Ayrshire College is a further education institution in Scotland. Formed in August 2013 from a merger between Ayr College, Kilmarnock College and the Largs and Kilwinning campuses of James Watt College, it serves Ayrshire and surrounding areas, with campuses in Ayr, Kilmarnock and Kilwinning.

==History==
Ayrshire College was established on 1 August 2013, following the merger of the three main colleges in Ayrshire – Kilmarnock College, Ayr College as well as the Kilwinning and Largs campuses of James Watt College. Ayrshire College is an incorporated College under the Further and Higher education (Scotland) Act 1992. The college is a registered charity in Scotland with a registered charity number of (SCO21177).

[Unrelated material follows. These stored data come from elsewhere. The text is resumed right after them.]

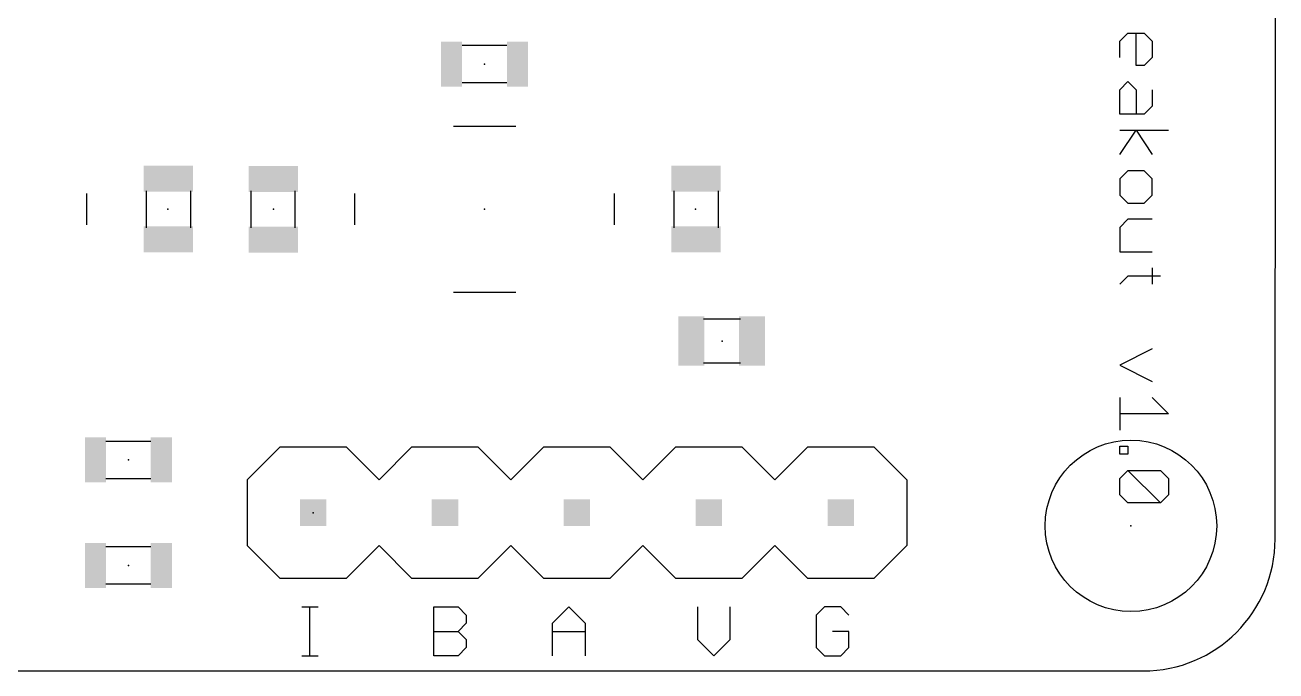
# Model space of a CAD drawing. Extents: x 0.3 to 2.25, y 0 to 1.24.
# Drawn here: x 1.302 to 2.25, y 0 to 0.49 of the extents above; entities that cross this region are included whole.
import ezdxf

# ---------------------------------------------------------------- set-up
doc = ezdxf.new("R2010")
doc.units = 0
for name, color, linetype in [('20', 53, 'CONTINUOUS'), ('21', 7, 'CONTINUOUS'), ('23', 53, 'CONTINUOUS'), ('51', 53, 'CONTINUOUS')]:
    doc.layers.add(name, color=color, linetype=linetype)

# ---------------------------------------------------------------- blocks, each defined once
blk = doc.blocks.new('RECT')
blk.add_solid([(-0.5, -0.5), (0.5, -0.5), (-0.5, 0.5), (0.5, 0.5)])

msp = doc.modelspace()

# ---------------------------------------------------------------- linework, layer by layer
at = {"layer": '20'}
for p, q in [((2.249276, 0.099975), (2.249937, 1.140025)), ((0.4, 0), (2.149276, 0))]:
    msp.add_line(p, q, dxfattribs=at)
msp.add_circle((2.14, 0.11), 0.065, dxfattribs=at)
msp.add_arc((2.149276, 0.1), 0.1, 269.999999, 359.985689, dxfattribs=at)
at = {"layer": '21'}
for p, q in [((2.1315, 0.477381), (2.137672, 0.483553)), ((2.1315, 0.465037), (2.1315, 0.477381)), ((2.137672, 0.483553), (2.150016, 0.483553)), ((2.143844, 0.458865), (2.143844, 0.483553)), ((2.150016, 0.483553), (2.156188, 0.477381)), ((2.156188, 0.477381), (2.156188, 0.465037)), ((2.156188, 0.465037), (2.150016, 0.458865)), ((2.150016, 0.458865), (2.143844, 0.458865)), ((2.1315, 0.44055), (2.137672, 0.446721)), ((2.137672, 0.446721), (2.143844, 0.44055)), ((2.1315, 0.422034), (2.1315, 0.44055)), ((2.143844, 0.44055), (2.143844, 0.422034)), ((2.156188, 0.44055), (2.156188, 0.428206)), ((2.156188, 0.428206), (2.150016, 0.422034)), ((2.150016, 0.422034), (2.1315, 0.422034)), ((1.626378, 0.412992), (1.673622, 0.412992)), ((2.1315, 0.40989), (2.168532, 0.40989)), ((2.1315, 0.391374), (2.143844, 0.40989)), ((2.143844, 0.40989), (2.156188, 0.391374)), ((2.137672, 0.379197), (2.1315, 0.373025)), ((2.1315, 0.373025), (2.1315, 0.360681)), ((2.150016, 0.379197), (2.137672, 0.379197)), ((2.156188, 0.373025), (2.150016, 0.379197)), ((2.156188, 0.360681), (2.156188, 0.373025)), ((1.348425, 0.338189), (1.348425, 0.361811)), ((1.551575, 0.338189), (1.551575, 0.361811)), ((1.748425, 0.338189), (1.748425, 0.361811)), ((2.1315, 0.360681), (2.137672, 0.354509)), ((2.150016, 0.354509), (2.156188, 0.360681)), ((2.137672, 0.354509), (2.150016, 0.354509)), ((2.137672, 0.342366), (2.1315, 0.336194)), ((2.156188, 0.342366), (2.137672, 0.342366)), ((2.1315, 0.336194), (2.1315, 0.317678)), ((2.1315, 0.317678), (2.156188, 0.317678)), ((2.156188, 0.305534), (2.156188, 0.29319)), ((2.137672, 0.299362), (2.1315, 0.29319)), ((2.16236, 0.299362), (2.137672, 0.299362)), ((1.673622, 0.287008), (1.626378, 0.287008)), ((2.156188, 0.244149), (2.1315, 0.231805)), ((2.1315, 0.231805), (2.156188, 0.219461)), ((2.1315, 0.207317), (2.1315, 0.182629)), ((2.156188, 0.207317), (2.168532, 0.194973)), ((2.168532, 0.194973), (2.1315, 0.194973)), ((1.495, 0.17), (1.47, 0.145)), ((1.495, 0.17), (1.545, 0.17)), ((1.545, 0.17), (1.57, 0.145)), ((1.57, 0.145), (1.595, 0.17)), ((1.595, 0.17), (1.645, 0.17)), ((1.645, 0.17), (1.67, 0.145)), ((1.67, 0.145), (1.695, 0.17)), ((1.695, 0.17), (1.745, 0.17)), ((1.745, 0.17), (1.77, 0.145)), ((1.795, 0.17), (1.77, 0.145)), ((1.795, 0.17), (1.845, 0.17)), ((1.845, 0.17), (1.87, 0.145)), ((1.87, 0.145), (1.895, 0.17)), ((1.895, 0.17), (1.945, 0.17)), ((1.945, 0.17), (1.97, 0.145)), ((2.1315, 0.170486), (2.137672, 0.170486)), ((2.1315, 0.164314), (2.1315, 0.170486)), ((2.137672, 0.164314), (2.1315, 0.164314)), ((2.137672, 0.170486), (2.137672, 0.164314)), ((2.1315, 0.145898), (2.137672, 0.15207)), ((2.137672, 0.15207), (2.16236, 0.15207)), ((2.137672, 0.15207), (2.16236, 0.127382)), ((2.16236, 0.15207), (2.168532, 0.145898)), ((1.47, 0.145), (1.47, 0.095)), ((1.97, 0.145), (1.97, 0.095)), ((2.1315, 0.133554), (2.1315, 0.145898)), ((2.168532, 0.145898), (2.168532, 0.133554)), ((2.137672, 0.127382), (2.1315, 0.133554)), ((2.168532, 0.133554), (2.16236, 0.127382)), ((2.16236, 0.127382), (2.137672, 0.127382)), ((1.47, 0.095), (1.495, 0.07)), ((1.57, 0.095), (1.545, 0.07)), ((1.595, 0.07), (1.57, 0.095)), ((1.67, 0.095), (1.645, 0.07)), ((1.695, 0.07), (1.67, 0.095)), ((1.77, 0.095), (1.745, 0.07)), ((1.77, 0.095), (1.795, 0.07)), ((1.87, 0.095), (1.845, 0.07)), ((1.895, 0.07), (1.87, 0.095)), ((1.97, 0.095), (1.945, 0.07)), ((1.545, 0.07), (1.495, 0.07)), ((1.645, 0.07), (1.595, 0.07)), ((1.745, 0.07), (1.695, 0.07)), ((1.845, 0.07), (1.795, 0.07)), ((1.945, 0.07), (1.895, 0.07)), ((1.5115, 0.048532), (1.523844, 0.048532)), ((1.517672, 0.0115), (1.517672, 0.048532)), ((1.6115, 0.0115), (1.6115, 0.048532)), ((1.6115, 0.048532), (1.630016, 0.048532)), ((1.630016, 0.048532), (1.636188, 0.04236)), ((1.7015, 0.036188), (1.713844, 0.048532)), ((1.713844, 0.048532), (1.726188, 0.036188)), ((1.8115, 0.048532), (1.8115, 0.023844)), ((1.836188, 0.023844), (1.836188, 0.048532)), ((1.907672, 0.048532), (1.9015, 0.04236)), ((1.920016, 0.048532), (1.907672, 0.048532)), ((1.926188, 0.04236), (1.920016, 0.048532)), ((1.636188, 0.04236), (1.636188, 0.036188)), ((1.9015, 0.04236), (1.9015, 0.017672)), ((1.6115, 0.030016), (1.630016, 0.030016)), ((1.636188, 0.036188), (1.630016, 0.030016)), ((1.630016, 0.030016), (1.636188, 0.023844)), ((1.7015, 0.0115), (1.7015, 0.036188)), ((1.7015, 0.030016), (1.726188, 0.030016)), ((1.726188, 0.036188), (1.726188, 0.0115)), ((1.926188, 0.030016), (1.913844, 0.030016)), ((1.926188, 0.017672), (1.926188, 0.030016)), ((1.636188, 0.023844), (1.636188, 0.017672)), ((1.8115, 0.023844), (1.823844, 0.0115)), ((1.823844, 0.0115), (1.836188, 0.023844)), ((1.5115, 0.0115), (1.523844, 0.0115)), ((1.630016, 0.0115), (1.6115, 0.0115)), ((1.636188, 0.017672), (1.630016, 0.0115)), ((1.9015, 0.017672), (1.907672, 0.0115)), ((1.907672, 0.0115), (1.920016, 0.0115)), ((1.920016, 0.0115), (1.926188, 0.017672))]:
    msp.add_line(p, q, dxfattribs=at)
at = {"layer": '23'}
for p in [(1.65, 0.46), (1.41, 0.35), (1.49, 0.35), (1.65, 0.35), (1.81, 0.35), (1.83, 0.25), (1.38, 0.16), (1.52, 0.12), (2.14, 0.11), (1.38, 0.08)]:
    msp.add_point(p, dxfattribs=at)
at = {"layer": '51'}
for p, q in [((1.667008, 0.474016), (1.632992, 0.474016)), ((1.632992, 0.445984), (1.667008, 0.445984)), ((1.393504, 0.364016), (1.393504, 0.335984)), ((1.427008, 0.364016), (1.427008, 0.335984)), ((1.472992, 0.335984), (1.472992, 0.364016)), ((1.506496, 0.335984), (1.506496, 0.364016)), ((1.793504, 0.364016), (1.793504, 0.335984)), ((1.827008, 0.364016), (1.827008, 0.335984)), ((1.815984, 0.267008), (1.844016, 0.267008)), ((1.815984, 0.233504), (1.844016, 0.233504)), ((1.397008, 0.174016), (1.362992, 0.174016)), ((1.362992, 0.145984), (1.397008, 0.145984)), ((1.397008, 0.094016), (1.362992, 0.094016)), ((1.362992, 0.065984), (1.397008, 0.065984))]:
    msp.add_line(p, q, dxfattribs=at)

# ---------------------------------------------------------------- block references
for p, xscale, yscale, rotation in [((1.625, 0.46), 0.016, 0.034, 180), ((1.675, 0.46), 0.016, 0.034, 180), ((1.410201, 0.373156), 0.019689, 0.037402, 270), ((1.489799, 0.372844), 0.019689, 0.037402, 90), ((1.810201, 0.373156), 0.019689, 0.037402, 270), ((1.410201, 0.327156), 0.019689, 0.037402, 270), ((1.489799, 0.326844), 0.019689, 0.037402, 90), ((1.810201, 0.327156), 0.019689, 0.037402, 270), ((1.355, 0.16), 0.016, 0.034, 180), ((1.405, 0.16), 0.016, 0.034, 180), ((1.355, 0.08), 0.016, 0.034, 180), ((1.405, 0.08), 0.016, 0.034, 180)]:
    msp.add_blockref('RECT', p, dxfattribs=dict(at, xscale=xscale, yscale=yscale, rotation=rotation))
for p, xscale, yscale in [((1.806844, 0.250201), 0.019689, 0.037402), ((1.852844, 0.250201), 0.019689, 0.037402), ((1.52, 0.12), 0.02, 0.02), ((1.62, 0.12), 0.02, 0.02), ((1.72, 0.12), 0.02, 0.02), ((1.82, 0.12), 0.02, 0.02), ((1.92, 0.12), 0.02, 0.02)]:
    msp.add_blockref('RECT', p, dxfattribs=dict(at, xscale=xscale, yscale=yscale))

doc.saveas('drawing.dxf')

The Kilwinning campus of the college was previously a campus of James Watt College. In the 1990s, James Watt College expanded to include campuses on the Greenock waterfront in Greenock, and at the Inverclyde National Sports Training Centre in Largs. The Ayrshire campuses were demerged to form part of the new Ayrshire College in 2013.

The Kilmarnock campus opened in October 2016. It was built on part of the site of the former Johnnie Walker bottling plant, following alcoholic beverage company Diageo's gifting of the location to the college. In 2009, Diageo, owner of Johnnie Walker, announced the proposed closure of the bottling plant facility in Hill Street, and in 2012, Diageo closed the facility with the loss of 700 jobs.

In February 2013, the principal of Kilmarnock College, Heather Dunk, was named the principal designate of Ayrshire College. The colleges registered address is the Ayr campus of the college, based at Dam Park in Ayr.

==Campuses==
===Main campuses===
- Ayr Campus (Dam Park, Ayr)
- Kilmarnock Campus (Hill Street, Kilmarnock)
- Kilwinning Campus (Lauchlan Way, Kilwinning)

===Other campuses===
- Skills Centre for Excellence (Irvine Royal Academy, Kilwinning Road, Irvine)
- Nethermains Campus (Simpson Place, Kilwinning)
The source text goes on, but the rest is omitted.